**TASK DETAILS:** Return each entry word for word. Leave the images out.

### DATA RECORDS ###

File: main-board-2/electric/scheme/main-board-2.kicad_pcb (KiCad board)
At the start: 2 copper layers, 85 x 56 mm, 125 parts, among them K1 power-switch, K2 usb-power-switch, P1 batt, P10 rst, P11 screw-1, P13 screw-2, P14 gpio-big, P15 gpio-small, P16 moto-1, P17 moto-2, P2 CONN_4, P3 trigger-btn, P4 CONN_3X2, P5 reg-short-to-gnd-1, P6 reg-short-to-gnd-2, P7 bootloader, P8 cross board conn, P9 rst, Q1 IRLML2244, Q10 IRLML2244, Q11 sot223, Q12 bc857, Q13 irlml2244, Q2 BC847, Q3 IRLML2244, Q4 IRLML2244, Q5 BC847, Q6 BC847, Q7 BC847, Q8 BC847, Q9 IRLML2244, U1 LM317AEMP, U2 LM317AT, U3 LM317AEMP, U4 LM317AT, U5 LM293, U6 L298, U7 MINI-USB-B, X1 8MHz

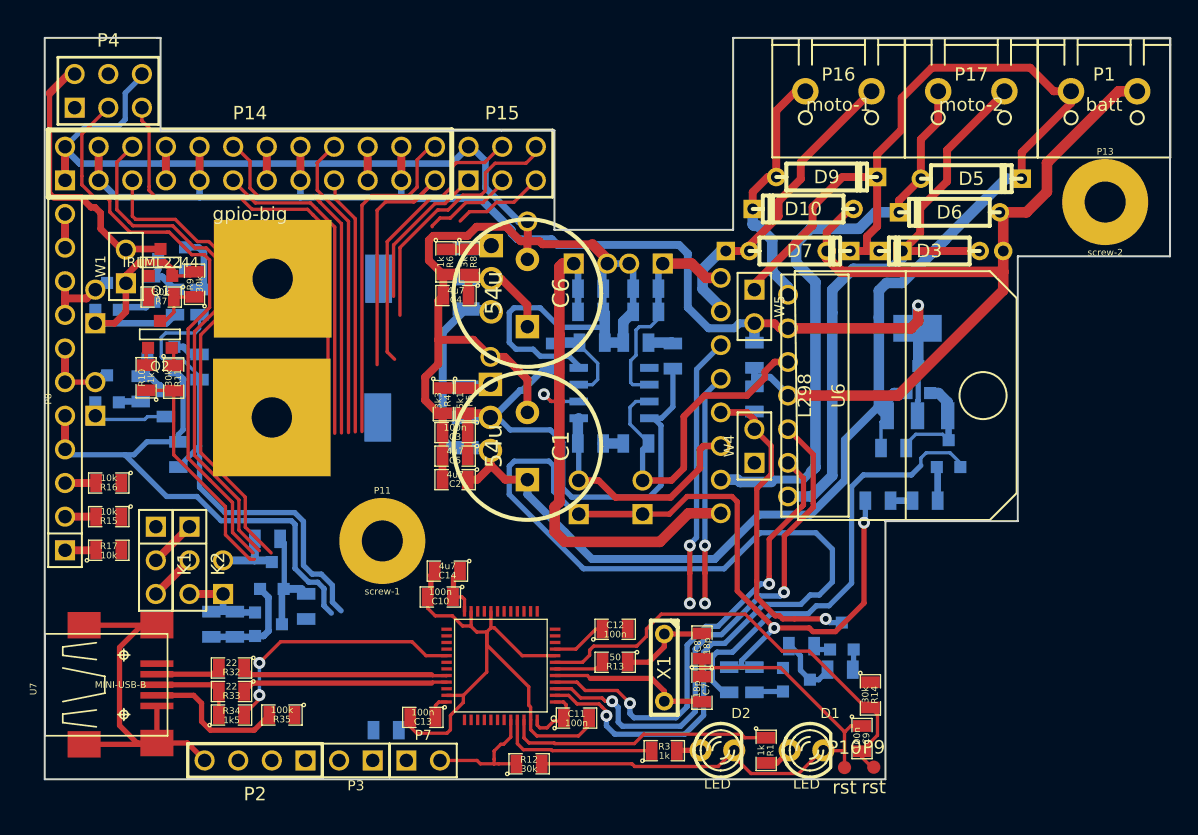
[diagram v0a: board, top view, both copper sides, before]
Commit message: Routing rx and tx...
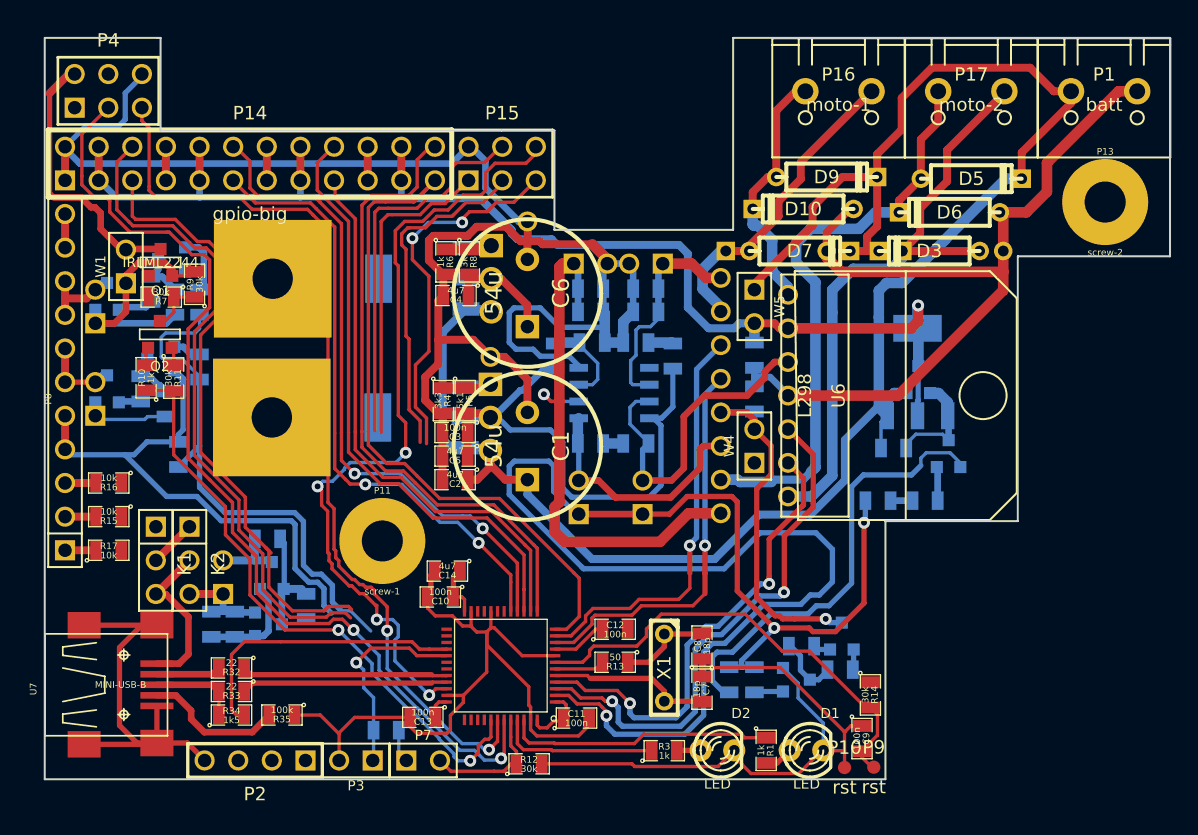
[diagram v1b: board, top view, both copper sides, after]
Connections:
- stm1 pad 10: /gpio-1 -> /in-moto2
- stm1 pad 11: /gpio-2 -> /in-moto1
- stm1 pad 12: /gpio-3 -> /gpio-4
- stm1 pad 13: /gpio-4 -> /gpio-8
- stm1 pad 14: /gpio-5 -> /gpio-3
- stm1 pad 15: /gpio-6 -> /gpio-7
- stm1 pad 16: /gpio-7 -> /gpio-6
- stm1 pad 17: /gpio-8 -> /gpio-2
- stm1 pad 26: /in-moto2 -> /gpio-5
- stm1 pad 27: /in-moto1 -> /gpio-1
- stm1 pad 28: /trigger-button -> /usb-connected
- stm1 pad 29: /usb-connected -> /trigger-button
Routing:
- net /swd-io: track 19.6 -> 61.2 mm, vias 0 -> 4
- net /scl-rpi: track 36.5 -> 69.5 mm, vias 0 -> 2
- net /gpio-4: track 19.2 -> 51.3 mm
- net /sda-rpi: track 44.0 -> 74.8 mm, vias 0 -> 2
- net /rpi-pwr-en: track 17.5 -> 46.2 mm, vias 0 -> 2
- net /gpio-8: track 25.6 -> 48.0 mm
- net /gpio-3: track 19.7 -> 42.0 mm
- net /gpio-6: track 27.6 -> 49.8 mm, vias 0 -> 2
- net /gpio-7: track 23.1 -> 45.3 mm
- net /gpio-2: track 24.7 -> 46.8 mm, vias 0 -> 2
- net /tx: track 6.99 -> 28.1 mm, vias 0 -> 2
- net GND: track 378.1 -> 397.4 mm
- net /rx: track 6.91 -> 25.7 mm
- net /trigger-button: track 0.00 -> 15.5 mm, vias 0 -> 1
- net /in-moto2: track 17.5 -> 29.8 mm, vias 2 -> 1
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
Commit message: Routing...
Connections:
- stm1 pad 18: /addon-pwr-en -> /gpio-1
- stm1 pad 26: /gpio-5 -> /addon-pwr-en
- stm1 pad 27: /gpio-1 -> /gpio-5
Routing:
- net /rx: track 25.7 -> 57.1 mm, vias 0 -> 2
- net /tx: track 28.1 -> 57.9 mm, vias 2 -> 4
- net GND: track 397.4 -> 423.6 mm
- net /gpio-5: track 49.9 -> 59.5 mm, vias 0 -> 2
- net /gpio-1: track 46.4 -> 41.7 mm
- net /addon-pwr-en: track 40.0 -> 35.8 mm
- net /scl-rpi: track 69.5 -> 71.3 mm
- net /sda-rpi: track 74.8 -> 74.3 mm

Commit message: Routing...
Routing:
- net /swd-clk: track 29.0 -> 70.4 mm, vias 0 -> 2
- net /gpio-9: track 23.8 -> 44.9 mm, vias 0 -> 1
- net /addon-pwr-en: track 35.8 -> 45.1 mm, vias 0 -> 1
- net /gpio-2: track 46.8 -> 50.0 mm
- net /trigger-button: track 15.8 -> 18.6 mm
- net GND: track 423.6 -> 421.3 mm
- net /rx: track 57.1 -> 59.2 mm
- net /swd-io: track 60.7 -> 62.7 mm
- net /gpio-5: track 59.5 -> 57.9 mm
- net /tx: track 57.9 -> 59.5 mm
- net /gpio-6: track 49.8 -> 51.4 mm
- net /sda-rpi: track 74.3 -> 75.6 mm
- net /rpi-pwr-en: track 46.2 -> 47.0 mm

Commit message: Routing...
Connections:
- stm1 pad 12: /gpio-4 -> /gpio-9
- stm1 pad 13: /gpio-8 -> /gpio-4
- stm1 pad 14: /gpio-3 -> /gpio-8
- stm1 pad 15: /gpio-7 -> /gpio-3
- stm1 pad 16: /gpio-6 -> /gpio-7
- stm1 pad 17: /gpio-2 -> /gpio-6
- stm1 pad 18: /gpio-1 -> /gpio-2
- stm1 pad 25: /gpio-9 -> /gpio-1
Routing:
- net /sda-int: track 2.35 -> 13.6 mm
- net /gpio-1: track 41.7 -> 52.5 mm, vias 0 -> 2
- net /scl-int: track 2.35 -> 11.6 mm
- net /addon-trigger: track 0.00 -> 8.70 mm
- net /gpio-4: track 51.3 -> 47.4 mm
- net /gpio-9: track 44.9 -> 47.7 mm, vias 1 -> 2
- net /addon-vdd: track 5.93 -> 8.47 mm
- net /addon-pwr-en: track 45.1 -> 46.0 mm

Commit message: Routing...
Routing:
- net GND: track 421.3 -> 433.4 mm
- net /trigger-button: track 18.6 -> 29.9 mm
- net /usb-connected: track 22.5 -> 23.5 mm

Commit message: Routing...
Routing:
- net /scl-rpi: track 71.5 -> 76.5 mm
- net /swd-io: track 63.1 -> 67.5 mm
- net GND: track 433.4 -> 430.6 mm
- net /addon-pwr-en: track 45.8 -> 48.2 mm
- net /rpi-pwr-en: track 47.0 -> 49.0 mm
- net /sda-rpi: track 75.6 -> 77.5 mm
- net /gpio-5: track 57.9 -> 59.1 mm

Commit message: Routing...
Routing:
- net VDD: track 66.1 -> 164.8 mm, vias 0 -> 6
- net GND: track 430.6 -> 512.2 mm, vias 0 -> 1
- net /batt+: track 148.1 -> 187.4 mm
- net /addon-trigger: track 8.70 -> 44.4 mm, vias 0 -> 4
- net /scl-int: track 11.6 -> 46.8 mm, vias 0 -> 4
- net /sda-int: track 13.6 -> 45.5 mm, vias 0 -> 4
- net /moto-en: track 117.9 -> 103.1 mm, vias 3 -> 2
- net /swd-clk: track 70.0 -> 63.5 mm
- net N-0000031: track 24.4 -> 28.1 mm
- net N-0000030: track 33.8 -> 31.0 mm
- net /tx: track 59.5 -> 61.5 mm
- net /rx: track 59.5 -> 61.5 mm
- net /in-moto3: track 40.6 -> 38.7 mm
- net /addon-pwr-en: track 48.2 -> 49.9 mm
- net /led1: track 20.2 -> 21.8 mm
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
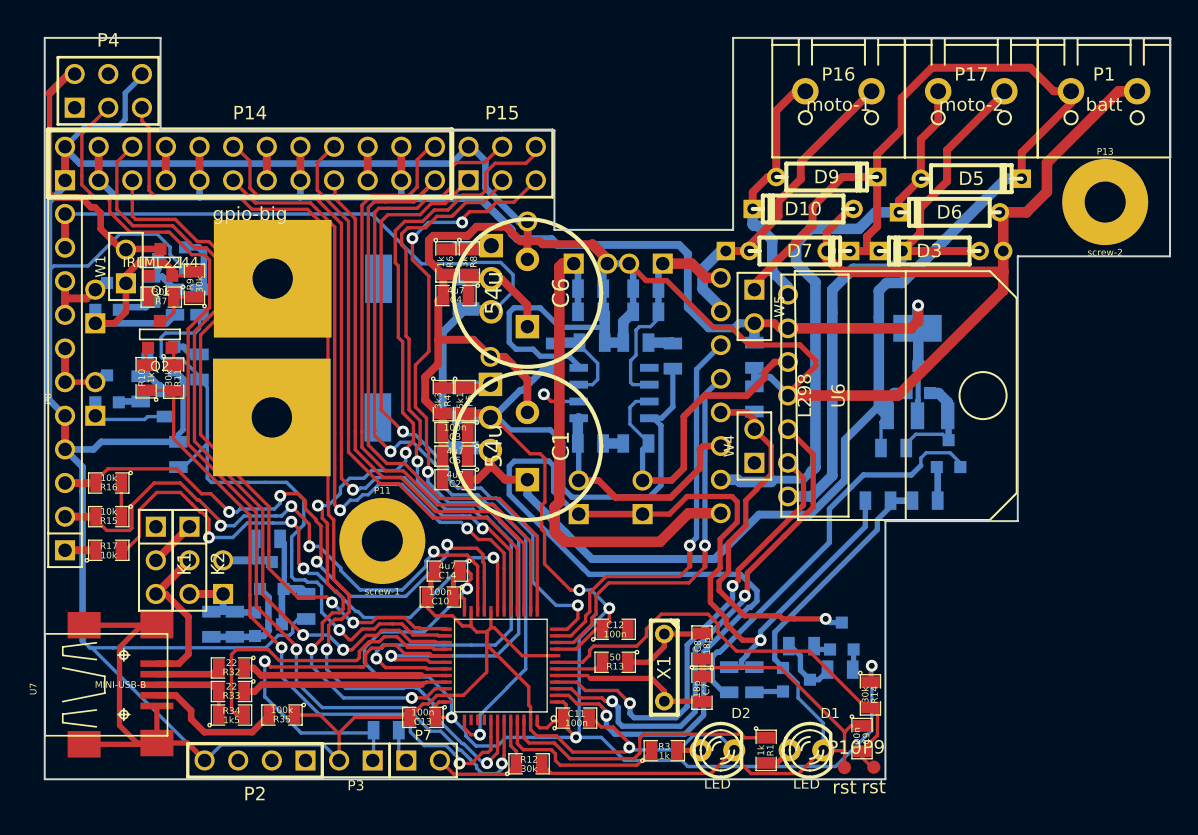
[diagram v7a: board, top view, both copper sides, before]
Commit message: Routing. It turnes out it is very nontrivial to route with horizontal TO-220. I'm going to change to vertical TO-220.
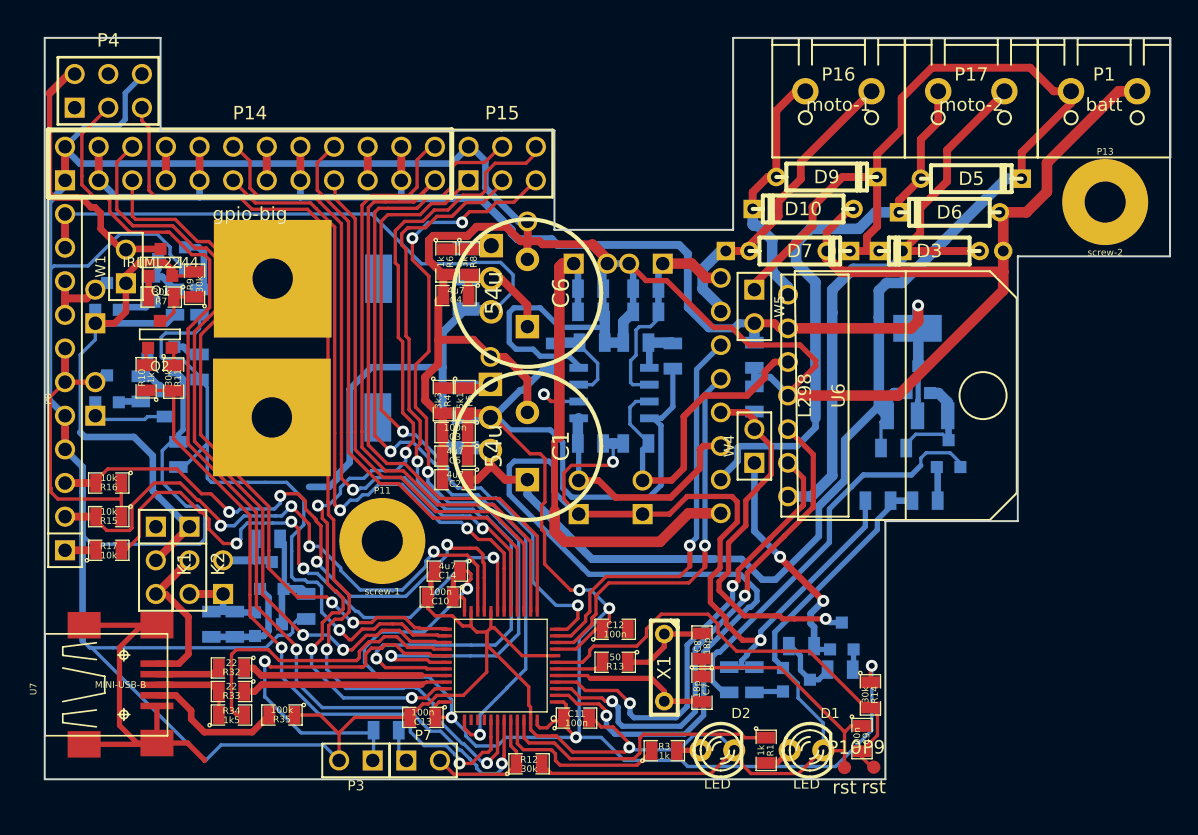
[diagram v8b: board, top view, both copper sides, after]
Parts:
- removed P2: CONN_4, PIN_ARRAY_4x1
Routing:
- net /+5V: track 24.0 -> 62.0 mm, vias 0 -> 2
- net /batt+: track 187.4 -> 207.3 mm
- net /addon-vdd: track 8.47 -> 22.8 mm
- net GND: track 512.2 -> 523.1 mm
- net /moto-en: track 103.1 -> 112.1 mm, vias 2 -> 3
- net N-0000045: track 1.87 -> 3.80 mm
- net N-0000024: track 0.00 -> 1.61 mm
- net /out3: track 44.3 -> 43.1 mm

###

**WRITTEN ANSWER:**
File: main-board-2/electric/scheme/main-board-2.kicad_pcb (KiCad board)
At the start: 2 copper layers, 85 x 56 mm, 125 parts, among them K1 power-switch, K2 usb-power-switch, P1 batt, P10 rst, P11 screw-1, P13 screw-2, P14 gpio-big, P15 gpio-small, P16 moto-1, P17 moto-2, P2 CONN_4, P3 trigger-btn, P4 CONN_3X2, P5 reg-short-to-gnd-1, P6 reg-short-to-gnd-2, P7 bootloader, P8 cross board conn, P9 rst, Q1 IRLML2244, Q10 IRLML2244, Q11 sot223, Q12 bc857, Q13 irlml2244, Q2 BC847, Q3 IRLML2244, Q4 IRLML2244, Q5 BC847, Q6 BC847, Q7 BC847, Q8 BC847, Q9 IRLML2244, U1 LM317AEMP, U2 LM317AT, U3 LM317AEMP, U4 LM317AT, U5 LM293, U6 L298, U7 MINI-USB-B, X1 8MHz

[diagram v0a: board, top view, both copper sides, before]
Commit message: Routing rx and tx...
[diagram v1b: board, top view, both copper sides, after]
Connections:
- stm1 pad 10: /gpio-1 -> /in-moto2
- stm1 pad 11: /gpio-2 -> /in-moto1
- stm1 pad 12: /gpio-3 -> /gpio-4
- stm1 pad 13: /gpio-4 -> /gpio-8
- stm1 pad 14: /gpio-5 -> /gpio-3
- stm1 pad 15: /gpio-6 -> /gpio-7
- stm1 pad 16: /gpio-7 -> /gpio-6
- stm1 pad 17: /gpio-8 -> /gpio-2
- stm1 pad 26: /in-moto2 -> /gpio-5
- stm1 pad 27: /in-moto1 -> /gpio-1
- stm1 pad 28: /trigger-button -> /usb-connected
- stm1 pad 29: /usb-connected -> /trigger-button
Routing:
- net /swd-io: track 19.6 -> 61.2 mm, vias 0 -> 4
- net /scl-rpi: track 36.5 -> 69.5 mm, vias 0 -> 2
- net /gpio-4: track 19.2 -> 51.3 mm
- net /sda-rpi: track 44.0 -> 74.8 mm, vias 0 -> 2
- net /rpi-pwr-en: track 17.5 -> 46.2 mm, vias 0 -> 2
- net /gpio-8: track 25.6 -> 48.0 mm
- net /gpio-3: track 19.7 -> 42.0 mm
- net /gpio-6: track 27.6 -> 49.8 mm, vias 0 -> 2
- net /gpio-7: track 23.1 -> 45.3 mm
- net /gpio-2: track 24.7 -> 46.8 mm, vias 0 -> 2
- net /tx: track 6.99 -> 28.1 mm, vias 0 -> 2
- net GND: track 378.1 -> 397.4 mm
- net /rx: track 6.91 -> 25.7 mm
- net /trigger-button: track 0.00 -> 15.5 mm, vias 0 -> 1
- net /in-moto2: track 17.5 -> 29.8 mm, vias 2 -> 1

Commit message: Routing...
Connections:
- stm1 pad 18: /addon-pwr-en -> /gpio-1
- stm1 pad 26: /gpio-5 -> /addon-pwr-en
- stm1 pad 27: /gpio-1 -> /gpio-5
Routing:
- net /rx: track 25.7 -> 57.1 mm, vias 0 -> 2
- net /tx: track 28.1 -> 57.9 mm, vias 2 -> 4
- net GND: track 397.4 -> 423.6 mm
- net /gpio-5: track 49.9 -> 59.5 mm, vias 0 -> 2
- net /gpio-1: track 46.4 -> 41.7 mm
- net /addon-pwr-en: track 40.0 -> 35.8 mm
- net /scl-rpi: track 69.5 -> 71.3 mm
- net /sda-rpi: track 74.8 -> 74.3 mm

Commit message: Routing...
Routing:
- net /swd-clk: track 29.0 -> 70.4 mm, vias 0 -> 2
- net /gpio-9: track 23.8 -> 44.9 mm, vias 0 -> 1
- net /addon-pwr-en: track 35.8 -> 45.1 mm, vias 0 -> 1
- net /gpio-2: track 46.8 -> 50.0 mm
- net /trigger-button: track 15.8 -> 18.6 mm
- net GND: track 423.6 -> 421.3 mm
- net /rx: track 57.1 -> 59.2 mm
- net /swd-io: track 60.7 -> 62.7 mm
- net /gpio-5: track 59.5 -> 57.9 mm
- net /tx: track 57.9 -> 59.5 mm
- net /gpio-6: track 49.8 -> 51.4 mm
- net /sda-rpi: track 74.3 -> 75.6 mm
- net /rpi-pwr-en: track 46.2 -> 47.0 mm

Commit message: Routing...
Connections:
- stm1 pad 12: /gpio-4 -> /gpio-9
- stm1 pad 13: /gpio-8 -> /gpio-4
- stm1 pad 14: /gpio-3 -> /gpio-8
- stm1 pad 15: /gpio-7 -> /gpio-3
- stm1 pad 16: /gpio-6 -> /gpio-7
- stm1 pad 17: /gpio-2 -> /gpio-6
- stm1 pad 18: /gpio-1 -> /gpio-2
- stm1 pad 25: /gpio-9 -> /gpio-1
Routing:
- net /sda-int: track 2.35 -> 13.6 mm
- net /gpio-1: track 41.7 -> 52.5 mm, vias 0 -> 2
- net /scl-int: track 2.35 -> 11.6 mm
- net /addon-trigger: track 0.00 -> 8.70 mm
- net /gpio-4: track 51.3 -> 47.4 mm
- net /gpio-9: track 44.9 -> 47.7 mm, vias 1 -> 2
- net /addon-vdd: track 5.93 -> 8.47 mm
- net /addon-pwr-en: track 45.1 -> 46.0 mm

Commit message: Routing...
Routing:
- net GND: track 421.3 -> 433.4 mm
- net /trigger-button: track 18.6 -> 29.9 mm
- net /usb-connected: track 22.5 -> 23.5 mm

Commit message: Routing...
Routing:
- net /scl-rpi: track 71.5 -> 76.5 mm
- net /swd-io: track 63.1 -> 67.5 mm
- net GND: track 433.4 -> 430.6 mm
- net /addon-pwr-en: track 45.8 -> 48.2 mm
- net /rpi-pwr-en: track 47.0 -> 49.0 mm
- net /sda-rpi: track 75.6 -> 77.5 mm
- net /gpio-5: track 57.9 -> 59.1 mm

Commit message: Routing...
Routing:
- net VDD: track 66.1 -> 164.8 mm, vias 0 -> 6
- net GND: track 430.6 -> 512.2 mm, vias 0 -> 1
- net /batt+: track 148.1 -> 187.4 mm
- net /addon-trigger: track 8.70 -> 44.4 mm, vias 0 -> 4
- net /scl-int: track 11.6 -> 46.8 mm, vias 0 -> 4
- net /sda-int: track 13.6 -> 45.5 mm, vias 0 -> 4
- net /moto-en: track 117.9 -> 103.1 mm, vias 3 -> 2
- net /swd-clk: track 70.0 -> 63.5 mm
- net N-0000031: track 24.4 -> 28.1 mm
- net N-0000030: track 33.8 -> 31.0 mm
- net /tx: track 59.5 -> 61.5 mm
- net /rx: track 59.5 -> 61.5 mm
- net /in-moto3: track 40.6 -> 38.7 mm
- net /addon-pwr-en: track 48.2 -> 49.9 mm
- net /led1: track 20.2 -> 21.8 mm

[diagram v7a: board, top view, both copper sides, before]
Commit message: Routing. It turnes out it is very nontrivial to route with horizontal TO-220. I'm going to change to vertical TO-220.
[diagram v8b: board, top view, both copper sides, after]
Parts:
- removed P2: CONN_4, PIN_ARRAY_4x1
Routing:
- net /+5V: track 24.0 -> 62.0 mm, vias 0 -> 2
- net /batt+: track 187.4 -> 207.3 mm
- net /addon-vdd: track 8.47 -> 22.8 mm
- net GND: track 512.2 -> 523.1 mm
- net /moto-en: track 103.1 -> 112.1 mm, vias 2 -> 3
- net N-0000045: track 1.87 -> 3.80 mm
- net N-0000024: track 0.00 -> 1.61 mm
- net /out3: track 44.3 -> 43.1 mm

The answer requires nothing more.